In the dissent, Justice John Marshall Harlan attacked “separate but equal” as inherently discriminatory. “Our Constitution is color-blind, and neither knows nor tolerates classes among citizens,” Harlan wrote. “In respect of civil rights, all citizens are equal before the law.”
But in a significant shift last month, the court’s conservatives referred to the colorblind Constitution in a majority opinion without quoting Harlan — a first that legal experts said cements the principle as a core legal tenet.
The justices’ views are undergirded by their conflicting assessments of how far the country has come in eliminating racism.
In the court’s decision rolling back Section 2 of the Voting Rights Act, Justice Samuel A. Alito Jr. wrote that “vast social change has occurred throughout the country and particularly in the South.” Roberts made a similar point in a 2013 majority opinion invalidating a separate portion of the Voting Rights Act, writing, “Things have changed dramatically.”
Kagan, in dissent, shot back that advancements in Black voter participations are largely because of the Voting Rights Act — but “it is a separate question whether those gains will endure once the Act’s protections are gone.”
The dispute erupted anew last month when the court upheld the guarantee of birthright citizenship in the 14th Amendment and affirmed that almost everyone born on U.S. territory is an American citizen.

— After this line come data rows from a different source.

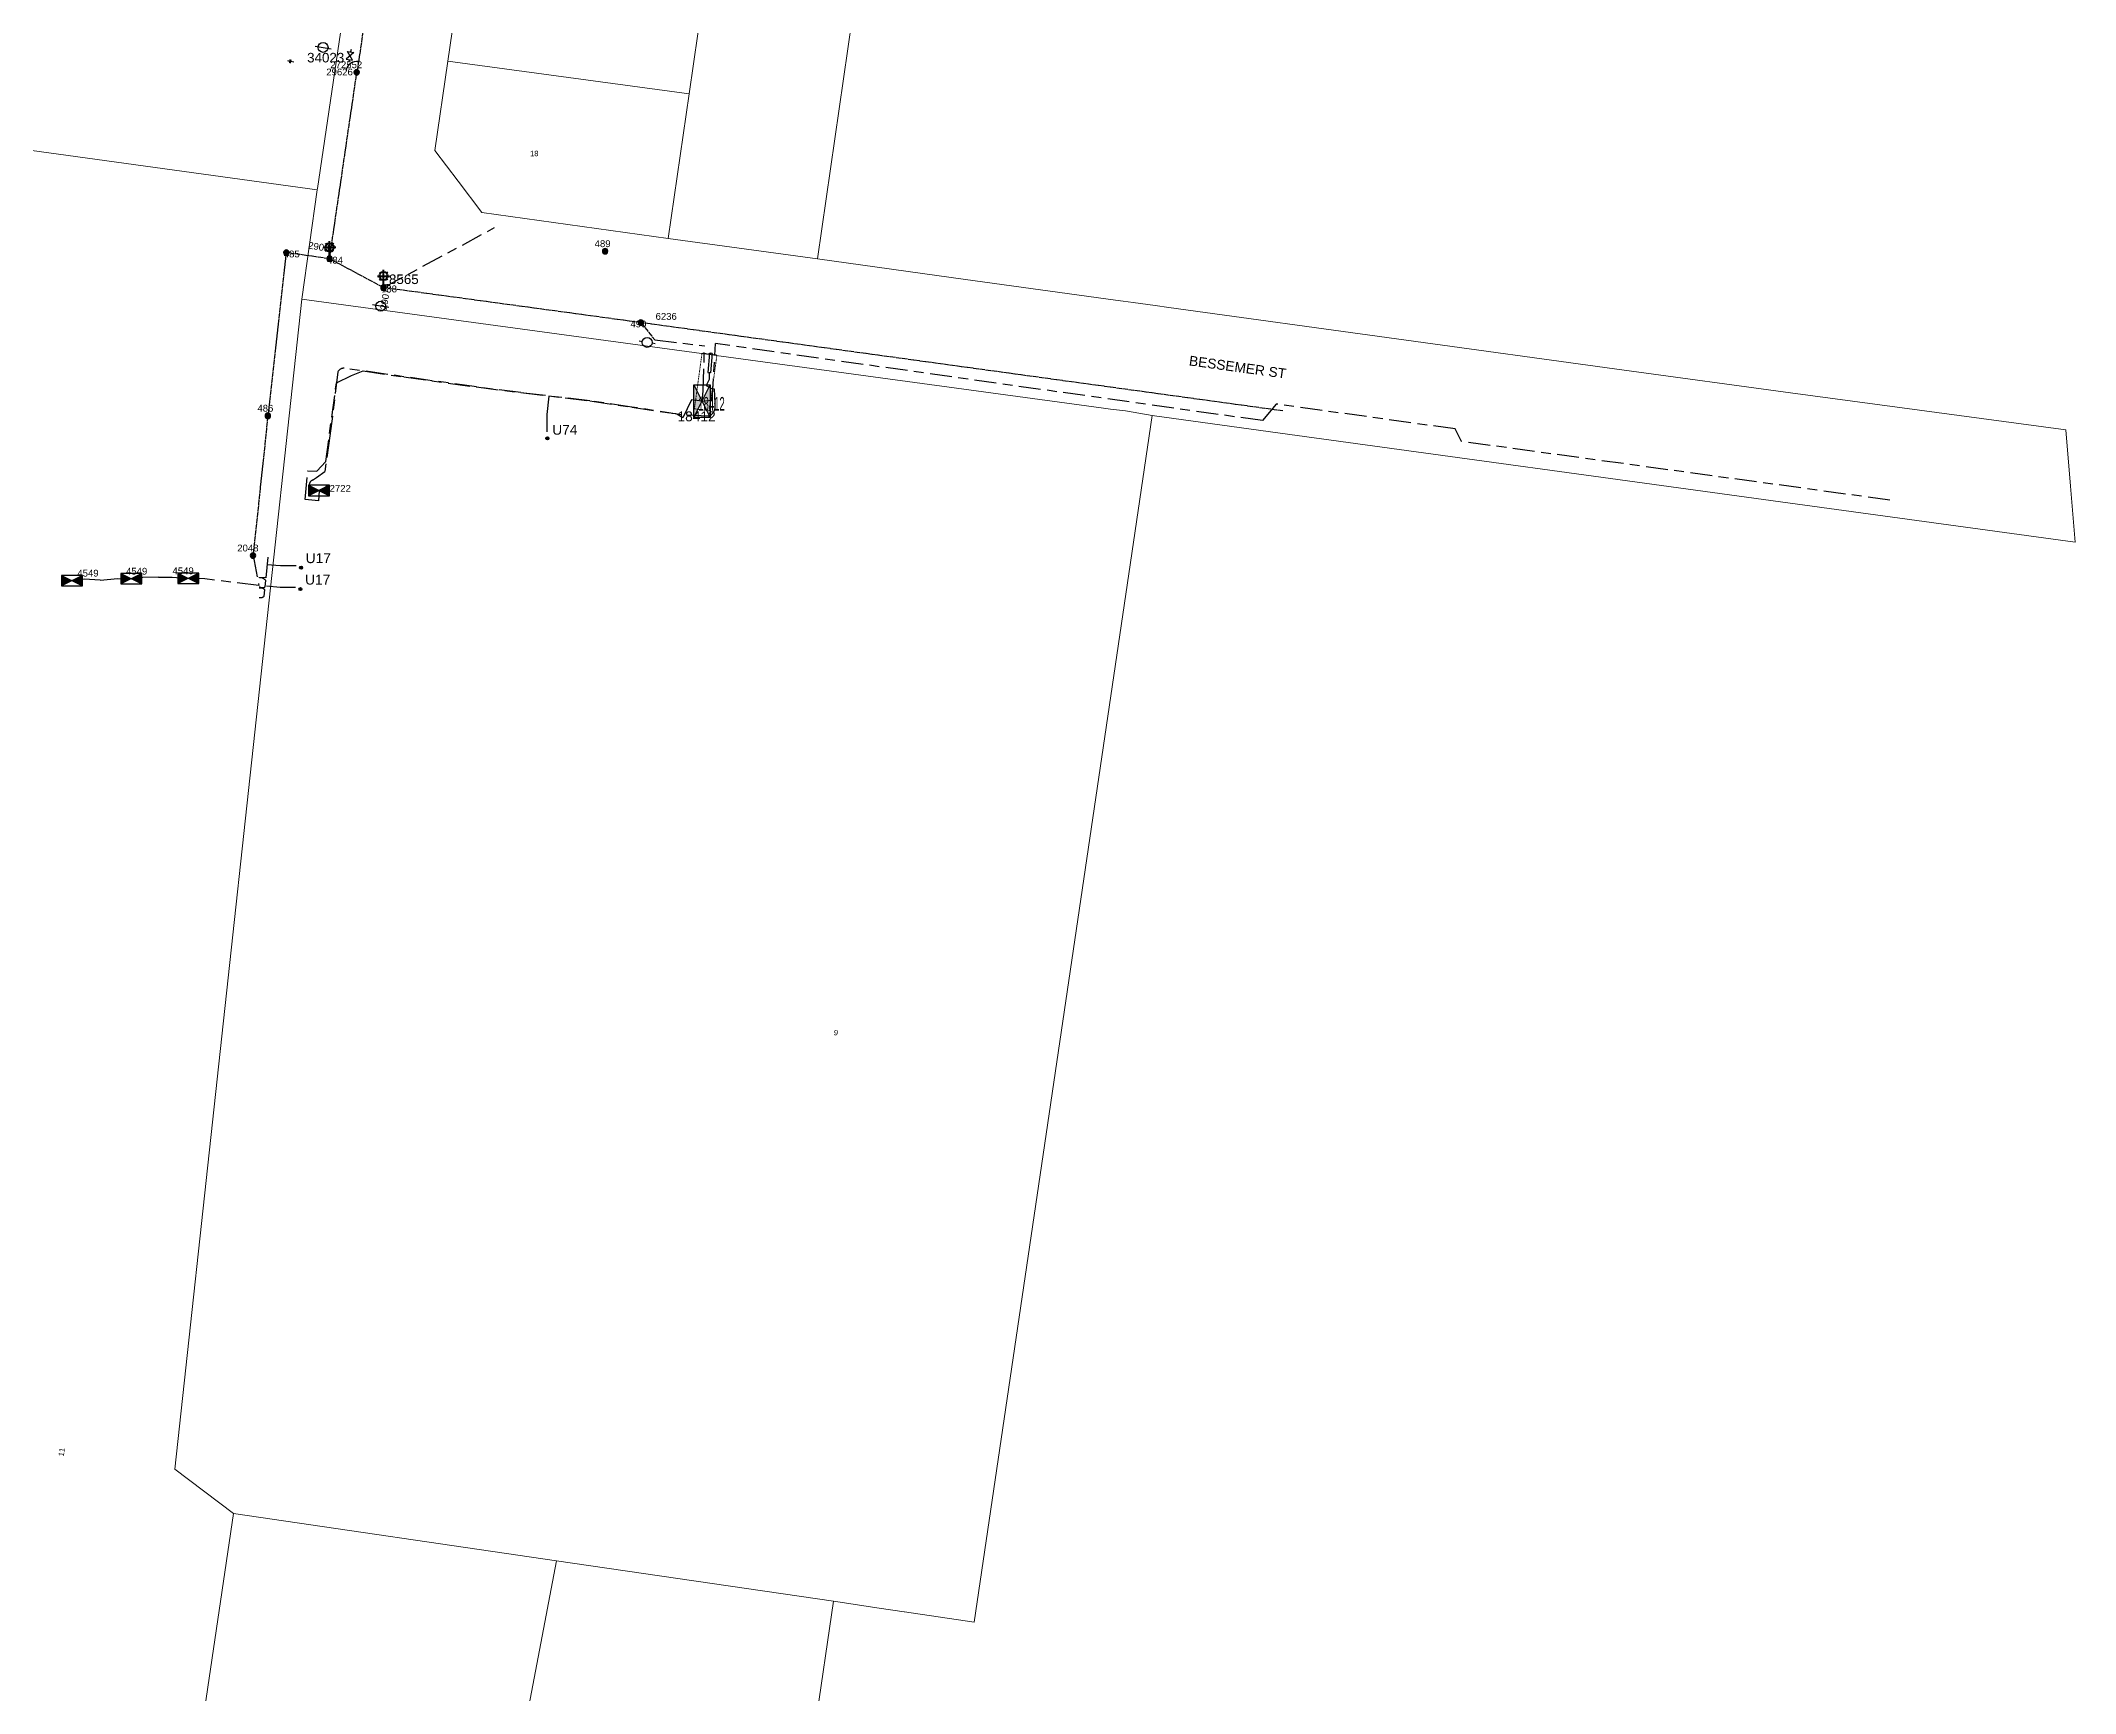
# Model space of a CAD drawing. Header units: metres. Extents: x 305195 to 309187, y 6261447 to 6263623.
# Drawn here: x 305990.3 to 306362.5, y 6262577.3 to 6262879.7 of the extents above; entities that cross this region are included whole.
import ezdxf
from ezdxf.enums import TextEntityAlignment as Align

# ---------------------------------------------------------------- set-up
doc = ezdxf.new("R2010")
doc.units = ezdxf.units.M
for name, pattern in [('Cable Exist OH', [1, 1, 0]), ('Cable Exist UG', [8.2, 4, -1.2, 1.8, -1.2]), ('HIDDEN', [0.375, 0.25, -0.125]), ('HIDDEN2', [0.1875, 0.125, -0.0625])]:
    doc.linetypes.add(name, pattern=pattern)
doc.layers.get('0').update_dxf_attribs({"color": 6})
for name, color, linetype, lineweight in [('Cadastre Land Parcels_SP_EXT', 9, 'Continuous', 5), ('Cadastre Other Property_SP_EXT', 9, 'HIDDEN', 5), ('Cadastre Roads_SP_EXT', 9, 'Continuous', 5)]:
    doc.layers.add(name, color=color, linetype=linetype, lineweight=lineweight)
for name, color, linetype in [('Duct_SP_EXT', 7, 'Continuous'), ('Equip_SP_HV_EXT', 7, 'Continuous'), ('Equip_SP_SL_EXT', 7, 'Continuous'), ('Mains_HV_EXT', 7, 'Continuous'), ('Sub_SP_EXT', 7, 'Continuous'), ('SupportsOH_SP_TR_HV_LV_SL_EXT', 7, 'Continuous'), ('Trench_SP_EXT', 7, 'Continuous')]:
    doc.layers.add(name, color=color, linetype=linetype)
doc.styles.add('HVSW_LABEL', font='arial.ttf')
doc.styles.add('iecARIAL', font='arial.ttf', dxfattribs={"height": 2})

While joining the majority opinion, Jackson lamented that the colorblind Constitution has “loomed large” in the court’s interpretation of the amendment, adding in a footnote that there “are myriad ways in which the Court’s adherence to color-blindness is mistaken.”
She added, “The Fourteenth Amendment is not color-blind; rather its core principle is that our Nation does not tolerate racial caste. … Our Nation did not undergo something as profound and world-shifting as ‘Reconstruction’ for naught.”